> Task goal: Leaving out the pictures, copy each record below exactly.

> Records for the task:
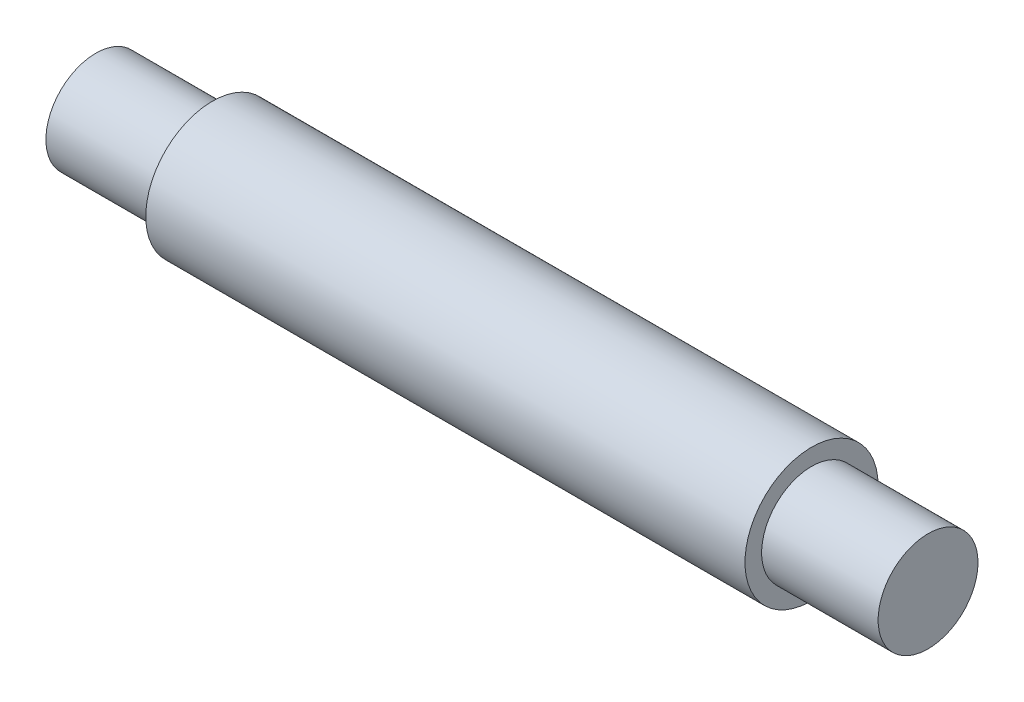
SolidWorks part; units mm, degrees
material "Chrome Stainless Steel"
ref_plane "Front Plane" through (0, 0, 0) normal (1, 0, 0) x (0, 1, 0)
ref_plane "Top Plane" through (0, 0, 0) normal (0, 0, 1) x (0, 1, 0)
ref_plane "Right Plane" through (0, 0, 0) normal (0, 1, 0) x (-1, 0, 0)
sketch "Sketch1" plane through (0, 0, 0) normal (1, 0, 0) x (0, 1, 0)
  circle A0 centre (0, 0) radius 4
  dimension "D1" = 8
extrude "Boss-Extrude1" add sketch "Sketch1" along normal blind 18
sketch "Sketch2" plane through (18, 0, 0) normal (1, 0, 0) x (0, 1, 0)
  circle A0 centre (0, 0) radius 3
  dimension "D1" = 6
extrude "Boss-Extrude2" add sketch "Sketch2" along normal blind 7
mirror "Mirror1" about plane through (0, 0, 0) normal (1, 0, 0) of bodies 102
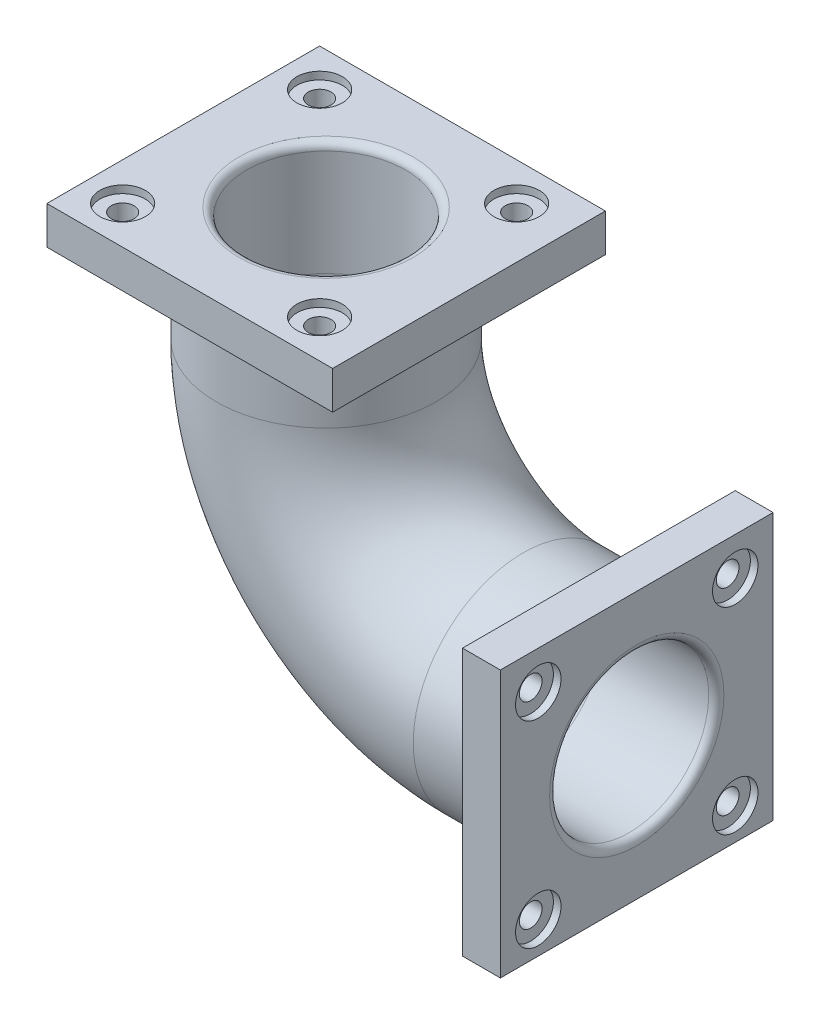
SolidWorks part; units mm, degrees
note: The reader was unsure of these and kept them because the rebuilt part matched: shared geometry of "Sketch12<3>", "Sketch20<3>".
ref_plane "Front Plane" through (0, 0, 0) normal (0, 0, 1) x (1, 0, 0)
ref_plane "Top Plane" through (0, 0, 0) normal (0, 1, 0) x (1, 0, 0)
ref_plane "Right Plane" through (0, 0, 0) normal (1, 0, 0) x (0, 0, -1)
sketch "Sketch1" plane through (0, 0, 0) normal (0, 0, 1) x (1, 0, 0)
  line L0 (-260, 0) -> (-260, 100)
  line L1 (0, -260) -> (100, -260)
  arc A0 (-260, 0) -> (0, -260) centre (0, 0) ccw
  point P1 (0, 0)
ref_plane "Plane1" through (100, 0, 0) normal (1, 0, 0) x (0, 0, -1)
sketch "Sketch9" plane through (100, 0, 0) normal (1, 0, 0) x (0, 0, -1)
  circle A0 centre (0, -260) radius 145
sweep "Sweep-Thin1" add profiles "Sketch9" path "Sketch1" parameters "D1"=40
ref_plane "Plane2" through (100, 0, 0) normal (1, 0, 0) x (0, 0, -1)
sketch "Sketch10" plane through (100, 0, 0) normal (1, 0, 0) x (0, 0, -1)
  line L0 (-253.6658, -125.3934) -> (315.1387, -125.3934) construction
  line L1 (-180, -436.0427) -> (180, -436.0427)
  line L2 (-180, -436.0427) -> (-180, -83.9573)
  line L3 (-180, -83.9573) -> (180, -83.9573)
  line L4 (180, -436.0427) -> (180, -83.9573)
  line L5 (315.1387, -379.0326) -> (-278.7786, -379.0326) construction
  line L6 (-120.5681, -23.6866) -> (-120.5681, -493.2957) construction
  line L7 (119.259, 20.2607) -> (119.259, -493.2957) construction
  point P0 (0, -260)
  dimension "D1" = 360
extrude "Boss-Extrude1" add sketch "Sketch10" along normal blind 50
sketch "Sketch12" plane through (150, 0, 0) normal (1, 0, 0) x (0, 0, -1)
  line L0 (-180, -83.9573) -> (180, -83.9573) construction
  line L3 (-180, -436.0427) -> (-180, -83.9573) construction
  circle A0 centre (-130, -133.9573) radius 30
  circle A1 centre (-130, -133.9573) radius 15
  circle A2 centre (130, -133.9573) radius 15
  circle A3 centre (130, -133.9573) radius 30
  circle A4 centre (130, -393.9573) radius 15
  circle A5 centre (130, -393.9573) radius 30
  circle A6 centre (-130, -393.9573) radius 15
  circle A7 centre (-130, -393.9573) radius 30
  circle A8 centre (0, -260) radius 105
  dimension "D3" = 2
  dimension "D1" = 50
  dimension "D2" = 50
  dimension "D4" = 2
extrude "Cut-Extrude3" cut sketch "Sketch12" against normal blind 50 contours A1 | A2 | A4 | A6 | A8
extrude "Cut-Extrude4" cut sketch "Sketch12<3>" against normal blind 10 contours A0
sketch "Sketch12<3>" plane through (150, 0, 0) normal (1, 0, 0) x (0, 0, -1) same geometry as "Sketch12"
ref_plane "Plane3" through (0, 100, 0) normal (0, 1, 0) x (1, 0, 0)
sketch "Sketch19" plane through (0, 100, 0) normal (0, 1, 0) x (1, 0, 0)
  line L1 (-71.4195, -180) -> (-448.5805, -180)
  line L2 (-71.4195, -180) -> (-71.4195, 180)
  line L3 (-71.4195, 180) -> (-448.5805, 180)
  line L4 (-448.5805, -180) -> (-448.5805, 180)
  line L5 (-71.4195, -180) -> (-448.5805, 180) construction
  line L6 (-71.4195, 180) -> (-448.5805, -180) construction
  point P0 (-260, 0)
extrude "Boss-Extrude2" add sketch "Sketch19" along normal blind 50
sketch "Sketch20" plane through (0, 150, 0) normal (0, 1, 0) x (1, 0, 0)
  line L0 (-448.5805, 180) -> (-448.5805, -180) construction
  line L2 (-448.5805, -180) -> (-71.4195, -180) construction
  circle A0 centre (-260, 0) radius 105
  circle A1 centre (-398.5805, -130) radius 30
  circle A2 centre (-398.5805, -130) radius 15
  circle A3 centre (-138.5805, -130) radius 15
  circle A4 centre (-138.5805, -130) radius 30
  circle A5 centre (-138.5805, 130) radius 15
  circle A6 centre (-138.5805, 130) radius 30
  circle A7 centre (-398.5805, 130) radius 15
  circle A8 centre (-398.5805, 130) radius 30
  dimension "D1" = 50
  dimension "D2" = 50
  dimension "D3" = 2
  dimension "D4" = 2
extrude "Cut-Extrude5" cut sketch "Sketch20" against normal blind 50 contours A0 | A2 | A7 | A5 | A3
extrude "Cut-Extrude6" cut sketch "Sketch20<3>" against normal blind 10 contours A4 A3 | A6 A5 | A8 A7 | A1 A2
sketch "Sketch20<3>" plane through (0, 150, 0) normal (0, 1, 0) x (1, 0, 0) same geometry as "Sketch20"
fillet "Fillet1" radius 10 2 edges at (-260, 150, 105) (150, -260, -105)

> Task output:
SolidWorks part; units mm, degrees
material "Chrome Stainless Steel"
ref_plane "Front Plane" through (0, 0, 0) normal (1, 0, 0) x (0, 1, 0)
ref_plane "Top Plane" through (0, 0, 0) normal (0, 0, 1) x (0, 1, 0)
ref_plane "Right Plane" through (0, 0, 0) normal (0, 1, 0) x (-1, 0, 0)
sketch "Sketch1" plane through (0, 0, 0) normal (1, 0, 0) x (0, 1, 0)
  circle A0 centre (0, 0) radius 4
  dimension "D1" = 8
extrude "Boss-Extrude1" add sketch "Sketch1" along normal blind 18
sketch "Sketch2" plane through (18, 0, 0) normal (1, 0, 0) x (0, 1, 0)
  circle A0 centre (0, 0) radius 3
  dimension "D1" = 6
extrude "Boss-Extrude2" add sketch "Sketch2" along normal blind 7
mirror "Mirror1" about plane through (0, 0, 0) normal (1, 0, 0) of bodies 102
SolidWorks part; units mm, degrees
note: The reader was unsure of these and kept them because the rebuilt part matched: shared geometry of "Sketch12<3>", "Sketch20<3>".
ref_plane "Front Plane" through (0, 0, 0) normal (0, 0, 1) x (1, 0, 0)
ref_plane "Top Plane" through (0, 0, 0) normal (0, 1, 0) x (1, 0, 0)
ref_plane "Right Plane" through (0, 0, 0) normal (1, 0, 0) x (0, 0, -1)
sketch "Sketch1" plane through (0, 0, 0) normal (0, 0, 1) x (1, 0, 0)
  line L0 (-260, 0) -> (-260, 100)
  line L1 (0, -260) -> (100, -260)
  arc A0 (-260, 0) -> (0, -260) centre (0, 0) ccw
  point P1 (0, 0)
ref_plane "Plane1" through (100, 0, 0) normal (1, 0, 0) x (0, 0, -1)
sketch "Sketch9" plane through (100, 0, 0) normal (1, 0, 0) x (0, 0, -1)
  circle A0 centre (0, -260) radius 145
sweep "Sweep-Thin1" add profiles "Sketch9" path "Sketch1" parameters "D1"=40
ref_plane "Plane2" through (100, 0, 0) normal (1, 0, 0) x (0, 0, -1)
sketch "Sketch10" plane through (100, 0, 0) normal (1, 0, 0) x (0, 0, -1)
  line L0 (-253.6658, -125.3934) -> (315.1387, -125.3934) construction
  line L1 (-180, -436.0427) -> (180, -436.0427)
  line L2 (-180, -436.0427) -> (-180, -83.9573)
  line L3 (-180, -83.9573) -> (180, -83.9573)
  line L4 (180, -436.0427) -> (180, -83.9573)
  line L5 (315.1387, -379.0326) -> (-278.7786, -379.0326) construction
  line L6 (-120.5681, -23.6866) -> (-120.5681, -493.2957) construction
  line L7 (119.259, 20.2607) -> (119.259, -493.2957) construction
  point P0 (0, -260)
  dimension "D1" = 360
extrude "Boss-Extrude1" add sketch "Sketch10" along normal blind 50
sketch "Sketch12" plane through (150, 0, 0) normal (1, 0, 0) x (0, 0, -1)
  line L0 (-180, -83.9573) -> (180, -83.9573) construction
  line L3 (-180, -436.0427) -> (-180, -83.9573) construction
  circle A0 centre (-130, -133.9573) radius 30
  circle A1 centre (-130, -133.9573) radius 15
  circle A2 centre (130, -133.9573) radius 15
  circle A3 centre (130, -133.9573) radius 30
  circle A4 centre (130, -393.9573) radius 15
  circle A5 centre (130, -393.9573) radius 30
  circle A6 centre (-130, -393.9573) radius 15
  circle A7 centre (-130, -393.9573) radius 30
  circle A8 centre (0, -260) radius 105
  dimension "D3" = 2
  dimension "D1" = 50
  dimension "D2" = 50
  dimension "D4" = 2
extrude "Cut-Extrude3" cut sketch "Sketch12" against normal blind 50 contours A1 | A2 | A4 | A6 | A8
extrude "Cut-Extrude4" cut sketch "Sketch12<3>" against normal blind 10 contours A0
sketch "Sketch12<3>" plane through (150, 0, 0) normal (1, 0, 0) x (0, 0, -1) same geometry as "Sketch12"
ref_plane "Plane3" through (0, 100, 0) normal (0, 1, 0) x (1, 0, 0)
sketch "Sketch19" plane through (0, 100, 0) normal (0, 1, 0) x (1, 0, 0)
  line L1 (-71.4195, -180) -> (-448.5805, -180)
  line L2 (-71.4195, -180) -> (-71.4195, 180)
  line L3 (-71.4195, 180) -> (-448.5805, 180)
  line L4 (-448.5805, -180) -> (-448.5805, 180)
  line L5 (-71.4195, -180) -> (-448.5805, 180) construction
  line L6 (-71.4195, 180) -> (-448.5805, -180) construction
  point P0 (-260, 0)
extrude "Boss-Extrude2" add sketch "Sketch19" along normal blind 50
sketch "Sketch20" plane through (0, 150, 0) normal (0, 1, 0) x (1, 0, 0)
  line L0 (-448.5805, 180) -> (-448.5805, -180) construction
  line L2 (-448.5805, -180) -> (-71.4195, -180) construction
  circle A0 centre (-260, 0) radius 105
  circle A1 centre (-398.5805, -130) radius 30
  circle A2 centre (-398.5805, -130) radius 15
  circle A3 centre (-138.5805, -130) radius 15
  circle A4 centre (-138.5805, -130) radius 30
  circle A5 centre (-138.5805, 130) radius 15
  circle A6 centre (-138.5805, 130) radius 30
  circle A7 centre (-398.5805, 130) radius 15
  circle A8 centre (-398.5805, 130) radius 30
  dimension "D1" = 50
  dimension "D2" = 50
  dimension "D3" = 2
  dimension "D4" = 2
extrude "Cut-Extrude5" cut sketch "Sketch20" against normal blind 50 contours A0 | A2 | A7 | A5 | A3
extrude "Cut-Extrude6" cut sketch "Sketch20<3>" against normal blind 10 contours A4 A3 | A6 A5 | A8 A7 | A1 A2
sketch "Sketch20<3>" plane through (0, 150, 0) normal (0, 1, 0) x (1, 0, 0) same geometry as "Sketch20"
fillet "Fillet1" radius 10 2 edges at (-260, 150, 105) (150, -260, -105)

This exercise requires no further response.